It goes without saying that masks are a popular motif in comic books and their derivative stories—the concealment of identity, and the expression of an inner self that is ironically freed through the art of disguise. Being that this is such well-worn territory within the genre, it can sometimes be a risk for a story to fall back on those same conventions. But after a case-free episode that I found incredibly disappointing (though I was apparently the only one), this week’s Durden-esque episode of Gotham found its footing in those familiar tropes, and used the overarching theme of “masks” to tie the central case-of-the-week and all the tangent sub-plots together into one of the most satisfying and singularly unified episodes of the season so far.
The main plot revolved around Richard Sionis, who comic fans know as Black Mask. Sionis runs a financial investment company, and takes his cutthroat Darwinian business ethics quite literally. The final stage of the hiring process involves a battle of the brawn between the three final candidates, using whatever office supplies they can fashion into weaponry. It takes a lot of hard work and sacrifice to get ahead in the business world these days—and sometimes that means losing a body part or two. Which, if you need the money, might be damn well worth it.

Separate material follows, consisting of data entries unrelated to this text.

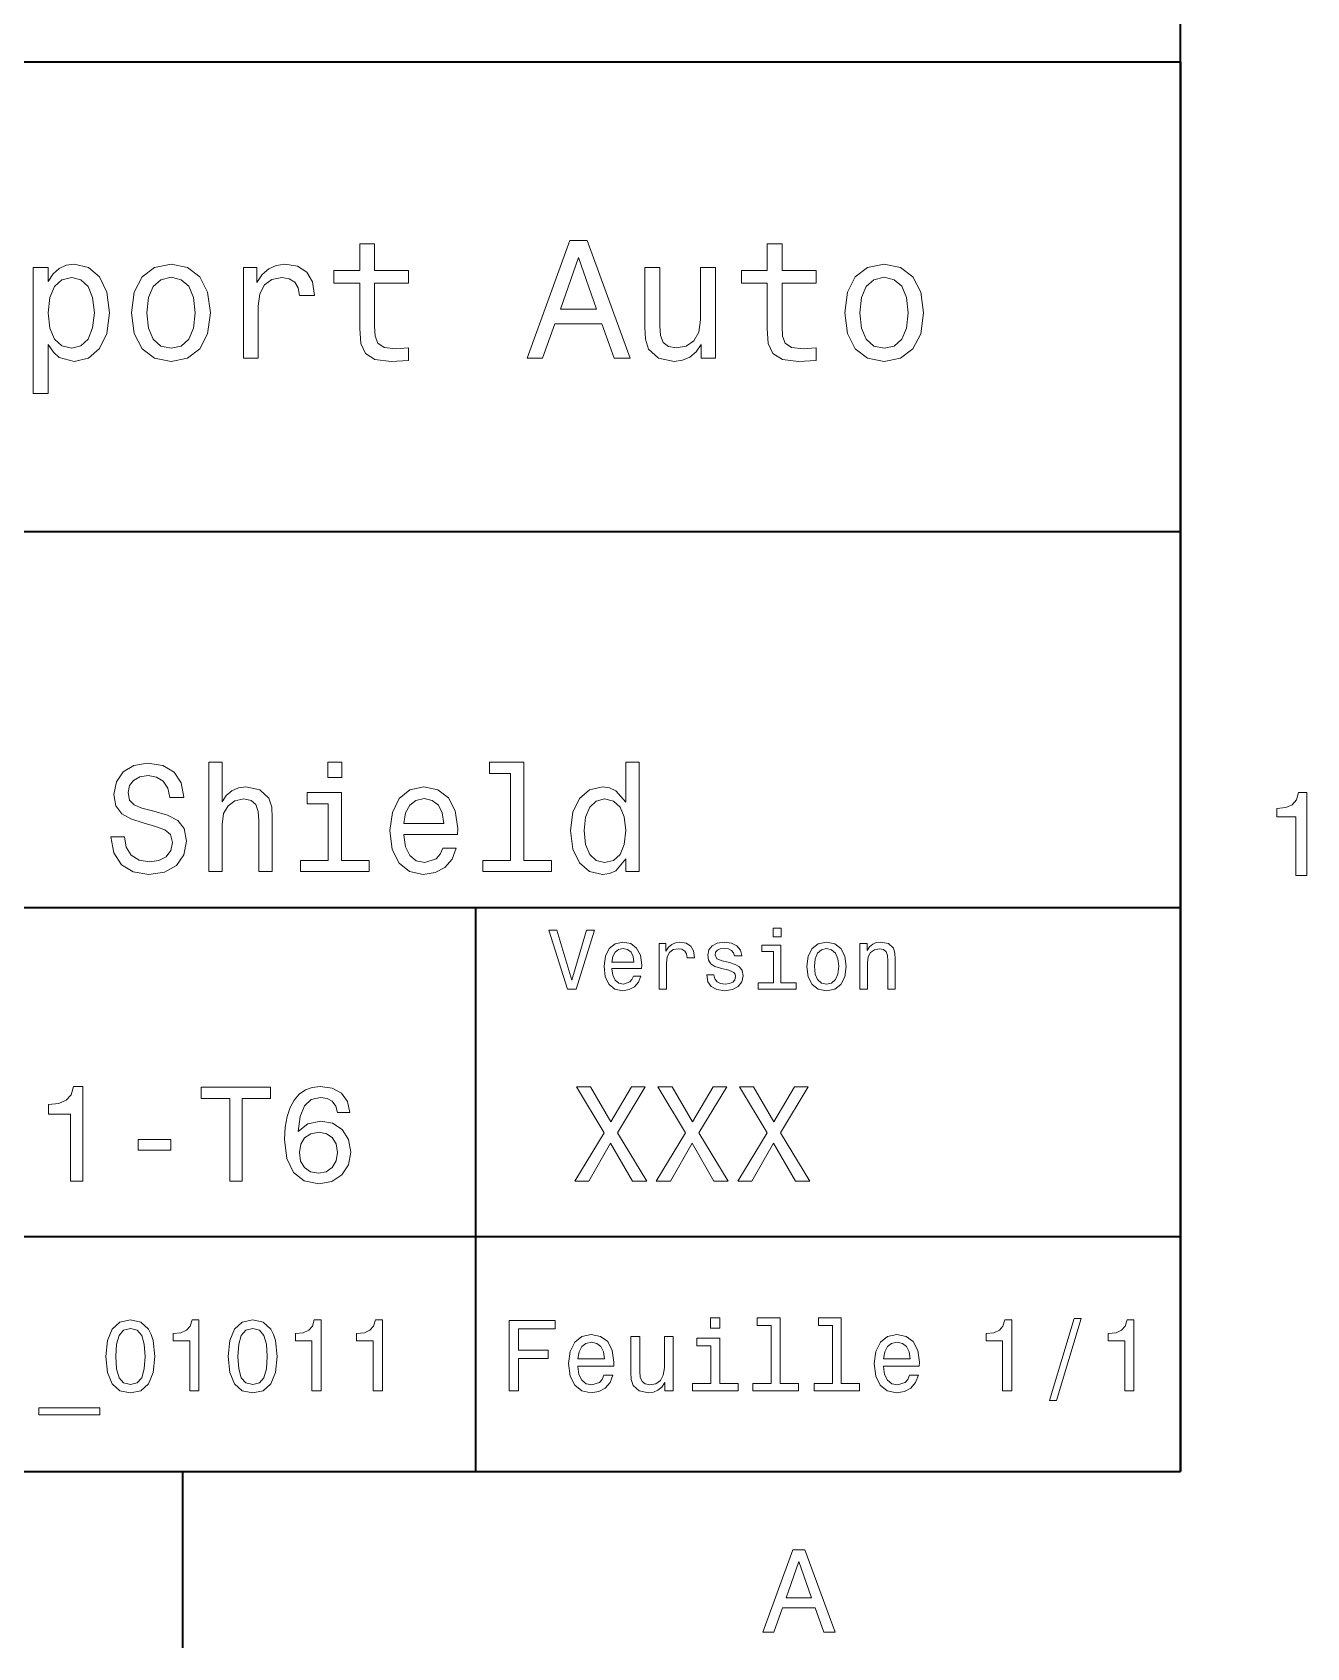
# Model space of a CAD drawing. Extents: x 0 to 420, y 0 to 297.
# Drawn here: x 361.1 to 415.4, y 2.5 to 71.3 of the extents above; entities that cross this region are included whole.
import ezdxf

# ---------------------------------------------------------------- set-up
doc = ezdxf.new("R2010")
doc.units = 0

msp = doc.modelspace()

# ---------------------------------------------------------------- linework, layer by layer
at = {"color": 7, "lineweight": 35}
for p, q in [((410, 10), (410, 287)), ((220, 70), (410, 70)), ((410, 70), (410, 10)), ((285, 50), (410, 50)), ((285, 34), (410, 34)), ((380, 10), (380, 34)), ((285, 20), (410, 20)), ((10, 10), (410, 10)), ((220, 10), (410, 10))]:
    msp.add_line(p, q, dxfattribs=at)
at = {"color": 7, "lineweight": 35, "ltscale": 0.1875}
msp.add_line((367.5, 10), (367.5, 2.5), dxfattribs=at)
at = {"color": 7, "lineweight": 13}
for points in [[(375.050415, 60.579971), (375.050415, 58.64193), (375.093658, 58.015129), (375.29538, 57.582851), (375.698853, 57.330688), (376.383301, 57.244236), (377.132568, 57.280258), (377.132568, 57.827808), (376.585022, 57.78458), (376.087891, 57.842216), (375.82132, 58.022331), (375.706055, 58.324928), (375.684448, 58.75), (375.684448, 60.579971), (377.132568, 60.579971), (377.132568, 61.120316), (375.684448, 61.120316), (375.684448, 62.251438), (375.050415, 62.251438), (375.050415, 61.120316), (373.955322, 61.120316), (373.955322, 60.579971)], [(382.175781, 57.381123), (382.838623, 57.381123), (383.364563, 58.850864), (385.360229, 58.850864), (385.886169, 57.381123), (386.563416, 57.381123), (384.733429, 62.388329), (383.998566, 62.388329)], [(392.399109, 60.579971), (392.399109, 58.64193), (392.442352, 58.015129), (392.644073, 57.582851), (393.047546, 57.330688), (393.731995, 57.244236), (394.481262, 57.280258), (394.481262, 57.827808), (393.933716, 57.78458), (393.436584, 57.842216), (393.170013, 58.022331), (393.054749, 58.324928), (393.033142, 58.75), (393.033142, 60.579971), (394.481262, 60.579971), (394.481262, 61.120316), (393.033142, 61.120316), (393.033142, 62.251438), (392.399109, 62.251438), (392.399109, 61.120316), (391.304016, 61.120316), (391.304016, 60.579971)], [(361.786743, 60.652016), (361.786743, 61.25), (361.15274, 61.25), (361.15274, 55.882565), (361.786743, 55.882565), (361.786743, 57.971901), (362.010101, 57.633286), (362.262268, 57.409943), (362.896271, 57.244236), (363.501465, 57.381123), (363.976959, 57.791786), (364.286743, 58.440201), (364.402039, 59.319164), (364.286743, 60.190922), (363.976959, 60.839336), (363.501465, 61.242794), (362.896271, 61.386887), (362.550446, 61.343658), (362.255066, 61.206772), (362.002899, 60.976223)], [(365.338623, 59.311958), (365.453888, 58.432995), (365.785309, 57.78458), (366.311249, 57.381123), (367.017303, 57.244236), (367.716125, 57.381123), (368.242065, 57.777374), (368.573486, 58.425793), (368.695984, 59.311958), (368.573486, 60.190922), (368.242065, 60.846542), (367.716125, 61.242794), (367.017303, 61.386887), (366.311249, 61.242794), (365.785309, 60.839336), (365.453888, 60.190922)], [(370.100861, 57.381123), (370.734863, 57.381123), (370.734863, 59.592937), (370.799713, 60.12608), (370.994232, 60.507923), (371.311249, 60.738472), (371.736328, 60.817722), (372.053314, 60.767288), (372.291077, 60.623199), (372.435181, 60.378242), (372.485596, 60.046829), (373.126801, 60.046829), (373.040344, 60.630402), (372.802612, 61.048271), (372.406342, 61.30043), (371.865997, 61.386887), (371.498566, 61.32925), (371.181549, 61.185158), (370.900574, 60.940201), (370.677246, 60.608788), (370.677246, 61.25), (370.100861, 61.25)], [(383.595093, 59.463257), (384.365997, 61.667866), (385.136902, 59.463257)], [(390.194519, 61.25), (389.560516, 61.25), (389.560516, 59.016571), (389.488464, 58.497837), (389.279541, 58.123196), (388.955322, 57.892651), (388.530243, 57.820602), (388.19165, 57.878242), (387.975494, 58.051151), (387.853027, 58.346542), (387.824219, 58.764408), (387.824219, 61.25), (387.190186, 61.25), (387.190186, 58.706772), (387.211792, 58.195244), (387.348694, 57.770172), (387.766571, 57.381123), (388.436584, 57.244236), (388.796814, 57.294666), (389.106628, 57.424351), (389.373199, 57.647694), (389.589325, 57.971901), (389.589325, 57.381123), (390.194519, 57.381123)], [(395.698853, 59.311958), (395.814117, 58.432995), (396.145508, 57.78458), (396.671448, 57.381123), (397.377502, 57.244236), (398.076355, 57.381123), (398.602295, 57.777374), (398.933716, 58.425793), (399.056183, 59.311958), (398.933716, 60.190922), (398.602295, 60.846542), (398.076355, 61.242794), (397.377502, 61.386887), (396.671448, 61.242794), (396.145508, 60.839336), (395.814117, 60.190922)], [(362.788208, 57.8134), (362.363129, 57.907059), (362.053314, 58.195244), (361.858795, 58.663544), (361.793945, 59.319164), (361.858795, 59.967579), (362.053314, 60.435879), (362.363129, 60.716858), (362.788208, 60.817722), (363.177246, 60.716858), (363.48703, 60.428673), (363.68158, 59.960373), (363.753601, 59.319164), (363.68158, 58.67075), (363.48703, 58.195244), (363.177246, 57.907059)], [(365.98703, 59.319164), (366.05188, 59.967579), (366.253601, 60.435879), (366.57782, 60.72406), (367.017303, 60.824928), (367.449585, 60.72406), (367.773773, 60.443081), (367.975525, 59.967579), (368.047546, 59.319164), (367.975525, 58.663544), (367.773773, 58.188038), (367.449585, 57.899853), (367.017303, 57.806194), (366.57782, 57.899853), (366.253601, 58.188038), (366.05188, 58.663544)], [(396.34726, 59.319164), (396.412109, 59.967579), (396.613831, 60.435879), (396.938019, 60.72406), (397.377502, 60.824928), (397.809784, 60.72406), (398.134003, 60.443081), (398.335724, 59.967579), (398.407776, 59.319164), (398.335724, 58.663544), (398.134003, 58.188038), (397.809784, 57.899853), (397.377502, 57.806194), (396.938019, 57.899853), (396.613831, 58.188038), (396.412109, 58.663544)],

Unfortunately, one of the potential job candidates actually ends up getting killed, which gets the GCPD onto the case. The previous episode saw the entire police force abandon Jim Gordon in his time of need, with the exception of Harvey Bullock, who made a show of camaraderie alongside his idiotic goodie-two-shoes partner. The Blue Fraternity is supposed to stick together and have each others’ backs, but Gordon has made himself in something of a leper and is not afraid to make his bitterness known to his fellow officers.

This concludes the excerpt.